В какой-то невероятно крохотный отрезок времени Доронин успел сообразить, что к чему: и точно, подстраховка, после взрыва гранаты в толпе начнется невообразимое, и у Накира будет хлипкий, но шанс…

А там и думать стало некогда. Граната летела.

Доронин — заядлый футболист-любитель — прыгнул так, как никогда не прыгал в своей долгой жизни. Принял гранату на грудь по всем вратарским правилам, прижал обеими ладонями так, что она невероятно больно вдавилась под ребра — и рухнул ничком, накрывая фанату телом, напирая так, словно всерьез собирался раздавить ее о тротуар. Отрешившись от всего окружающего, последним в жизни движением успел вбить тело в крохотную канавку меж тротуаром и стенкой пустого газетного киоска, вжался в эту пахнущую сырой землей выемку…

Боли не было. Только непроницаемая тьма. Окончательная.

Все осколки до единого достались только ему. Ему одному. Он обрадовался бы, если бы знал.

«…потери наши велики, господин генерал…»

Радужное пятно вновь возникло перед глазами и уже не пропадало, в горле ощущалось прежнее пугающее оцепенение — но генерал Кареев невероятным усилием заставил себя пренебречь, выпрямившись, словно на параде, открыл дверь и с порога произнес четко, громко:

— Операцию можно считать завершенной. Взрывчатка у нас, Накир и Бакрадзе у нас, сообщники среди охраны объекта только что обезврежены, трое исполнителей взяты на адресе. Это все.

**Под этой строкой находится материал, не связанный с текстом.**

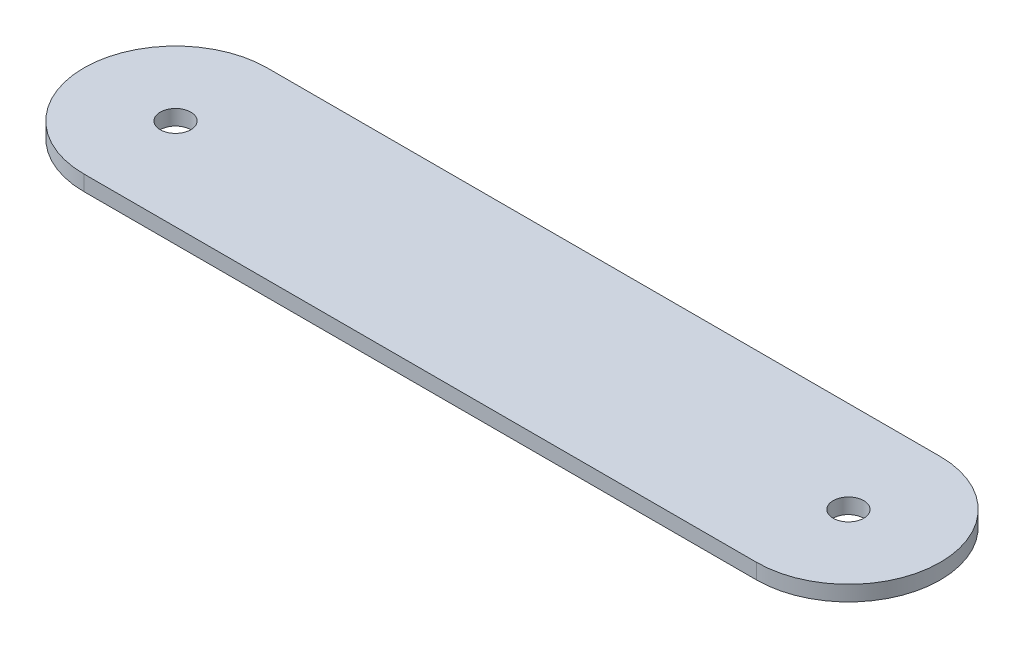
from build123d import *

# Parameters (mm, degrees)
SKETCH2_R           = 1
BOSS_EXTRUDE1_DEPTH = 1


with BuildPart() as part:
    # Sketch2 → Boss-Extrude1 (new body)
    with BuildSketch(Plane(origin=(0, 0, 0), x_dir=(1, 0, 0), z_dir=(0, 1, 0))):
        with BuildLine():
            Line((-22, 6), (22, 6))
            ThreePointArc((22, 6), (28, 0), (22, -6))
            Line((22, -6), (-22, -6))
            ThreePointArc((-22, -6), (-28, 0), (-22, 6))
        make_face()
        with Locations(Location((-22, 0, 0), (0, 0, 270))):
            Circle(SKETCH2_R, mode=Mode.SUBTRACT)
        with Locations(Location((22, 0, 0), (0, 0, 270))):
            Circle(SKETCH2_R, mode=Mode.SUBTRACT)
    extrude(amount=BOSS_EXTRUDE1_DEPTH)


solid = part.part

Вопросов ему просто-напросто не сумели задать — он отступил, прикрыл за собой дверь и тем же преувеличенно четким шагом направился по коридору в сторону комнатки отдыха. Ему было совсем скверно, ударов сердца Кареев уже не чувствовал, а по всему телу кололи ледяные иголочки — и он, сделав все, что от него требовалось, неким звериным инстинктом искал убежища. Чтобы остаться одному. Не выглядеть нелепо, грохаясь без чувств. Обойдется, повторял он про себя, обойдется, всегда обходилось, а там наконец и к эскулапам, черт с ним, сдамся, раз будет короткая передышка… Пусть извращаются, белоснежные…

Да, эта самая дверь. Он распахнул ее рывком, прошел в небольшую пустую комнатку, держась уже непонятно на чем, сделал несколько шагов, опустился в старомодное кресло — то есть это ему казалось, что он опускается в кресло, а на самом деле генерал Кареев нелепо рушился мимо кресла, падал, падал, падал, осознавал еще, что падает…

И все погасло. Насовсем.

«…потери наши велики, господин генерал…»


Во время штурма неприятельских завалов на реке Валерик имел поручение наблюдать за действиями передовой штурмовой колонны и уведомлять начальника о ее успехах, что было сопряжено с величайшею для него (Лермонтова. — А.Б.) опасностью от неприятеля, скрывающегося в лесу за деревьями и кустами, но офицер этот, несмотря ни на какие опасности, исполнял возложенное на него поручение с отличным мужеством и хладнокровием и с первыми рядами храбрейших ворвался в неприятельские завалы.

Генерал Голофеев. Из наградного списка поручику Лермонтову

Успеху всего я вполне обязан распорядительности и мужеству поручика Тенгинского пехотного полка Лермонтова и 19-й артиллерийской бригады прапорщика фон Лоер-Лоярского, с коим они переносили все мои приказания войскам в самом пылу сражения в лесистом месте. Оба они заслуживают особенного внимания, ибо каждый куст, каждое дерево грозили каждому внезапною смертью.